> [Work item]
Could you reproduce, exactly and alone, the lines running from the one with "#8570 = CARTESIAN_POINT" to the end of the data below?

> [Provided records]
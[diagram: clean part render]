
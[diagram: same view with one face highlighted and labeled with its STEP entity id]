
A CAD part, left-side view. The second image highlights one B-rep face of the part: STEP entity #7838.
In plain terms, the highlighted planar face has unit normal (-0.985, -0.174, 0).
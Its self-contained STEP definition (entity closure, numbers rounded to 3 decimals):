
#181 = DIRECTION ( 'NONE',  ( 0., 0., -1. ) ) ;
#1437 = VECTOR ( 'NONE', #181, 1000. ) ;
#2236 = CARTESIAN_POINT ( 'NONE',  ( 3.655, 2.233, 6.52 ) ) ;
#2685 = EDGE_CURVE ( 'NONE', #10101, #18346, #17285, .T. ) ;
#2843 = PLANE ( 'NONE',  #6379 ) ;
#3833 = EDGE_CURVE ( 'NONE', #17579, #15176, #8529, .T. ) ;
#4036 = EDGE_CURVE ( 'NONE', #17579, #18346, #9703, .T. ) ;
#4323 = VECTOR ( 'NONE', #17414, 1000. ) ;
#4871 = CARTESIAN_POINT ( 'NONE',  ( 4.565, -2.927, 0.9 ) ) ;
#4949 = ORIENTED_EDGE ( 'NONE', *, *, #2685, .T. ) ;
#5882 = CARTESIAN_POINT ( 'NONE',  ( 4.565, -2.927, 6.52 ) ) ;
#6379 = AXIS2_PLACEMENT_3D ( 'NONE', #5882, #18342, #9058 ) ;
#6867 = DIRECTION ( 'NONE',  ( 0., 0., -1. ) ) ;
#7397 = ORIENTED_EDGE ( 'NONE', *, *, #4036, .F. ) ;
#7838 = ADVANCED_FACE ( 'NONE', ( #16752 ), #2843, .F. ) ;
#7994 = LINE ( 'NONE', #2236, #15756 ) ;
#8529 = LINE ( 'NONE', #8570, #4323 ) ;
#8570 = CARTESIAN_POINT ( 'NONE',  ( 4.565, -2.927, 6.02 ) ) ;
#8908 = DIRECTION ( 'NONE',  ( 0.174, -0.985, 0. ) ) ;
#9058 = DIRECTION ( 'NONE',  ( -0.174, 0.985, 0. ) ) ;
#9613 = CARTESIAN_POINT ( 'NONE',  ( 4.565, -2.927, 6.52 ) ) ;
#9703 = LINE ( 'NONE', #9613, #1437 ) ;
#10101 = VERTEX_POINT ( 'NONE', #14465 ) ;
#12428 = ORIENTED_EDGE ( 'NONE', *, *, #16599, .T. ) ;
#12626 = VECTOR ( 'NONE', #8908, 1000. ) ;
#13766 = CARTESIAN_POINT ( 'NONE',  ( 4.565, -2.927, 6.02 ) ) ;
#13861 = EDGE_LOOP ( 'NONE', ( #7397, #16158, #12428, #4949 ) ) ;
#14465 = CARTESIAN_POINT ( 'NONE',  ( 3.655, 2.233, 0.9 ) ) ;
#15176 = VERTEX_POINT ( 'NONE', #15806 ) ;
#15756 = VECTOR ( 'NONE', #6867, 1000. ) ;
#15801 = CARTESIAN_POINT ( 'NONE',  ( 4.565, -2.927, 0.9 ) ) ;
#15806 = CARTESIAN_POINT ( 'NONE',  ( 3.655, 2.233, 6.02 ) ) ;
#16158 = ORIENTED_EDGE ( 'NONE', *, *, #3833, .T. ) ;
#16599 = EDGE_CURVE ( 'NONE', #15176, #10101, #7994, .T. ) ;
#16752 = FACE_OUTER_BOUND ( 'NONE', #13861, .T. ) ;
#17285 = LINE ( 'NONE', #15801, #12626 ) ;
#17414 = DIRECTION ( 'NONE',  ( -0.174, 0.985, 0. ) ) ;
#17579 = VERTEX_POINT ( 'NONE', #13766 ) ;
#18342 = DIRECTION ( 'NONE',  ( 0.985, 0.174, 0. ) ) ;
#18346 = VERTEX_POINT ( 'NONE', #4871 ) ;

> [Answer to this task]
#8570 = CARTESIAN_POINT ( 'NONE',  ( 4.565, -2.927, 6.02 ) ) ;
#8908 = DIRECTION ( 'NONE',  ( 0.174, -0.985, 0. ) ) ;
#9058 = DIRECTION ( 'NONE',  ( -0.174, 0.985, 0. ) ) ;
#9613 = CARTESIAN_POINT ( 'NONE',  ( 4.565, -2.927, 6.52 ) ) ;
#9703 = LINE ( 'NONE', #9613, #1437 ) ;
#10101 = VERTEX_POINT ( 'NONE', #14465 ) ;
#12428 = ORIENTED_EDGE ( 'NONE', *, *, #16599, .T. ) ;
#12626 = VECTOR ( 'NONE', #8908, 1000. ) ;
#13766 = CARTESIAN_POINT ( 'NONE',  ( 4.565, -2.927, 6.02 ) ) ;
#13861 = EDGE_LOOP ( 'NONE', ( #7397, #16158, #12428, #4949 ) ) ;
#14465 = CARTESIAN_POINT ( 'NONE',  ( 3.655, 2.233, 0.9 ) ) ;
#15176 = VERTEX_POINT ( 'NONE', #15806 ) ;
#15756 = VECTOR ( 'NONE', #6867, 1000. ) ;
#15801 = CARTESIAN_POINT ( 'NONE',  ( 4.565, -2.927, 0.9 ) ) ;
#15806 = CARTESIAN_POINT ( 'NONE',  ( 3.655, 2.233, 6.02 ) ) ;
#16158 = ORIENTED_EDGE ( 'NONE', *, *, #3833, .T. ) ;
#16599 = EDGE_CURVE ( 'NONE', #15176, #10101, #7994, .T. ) ;
#16752 = FACE_OUTER_BOUND ( 'NONE', #13861, .T. ) ;
#17285 = LINE ( 'NONE', #15801, #12626 ) ;
#17414 = DIRECTION ( 'NONE',  ( -0.174, 0.985, 0. ) ) ;
#17579 = VERTEX_POINT ( 'NONE', #13766 ) ;
#18342 = DIRECTION ( 'NONE',  ( 0.985, 0.174, 0. ) ) ;
#18346 = VERTEX_POINT ( 'NONE', #4871 ) ;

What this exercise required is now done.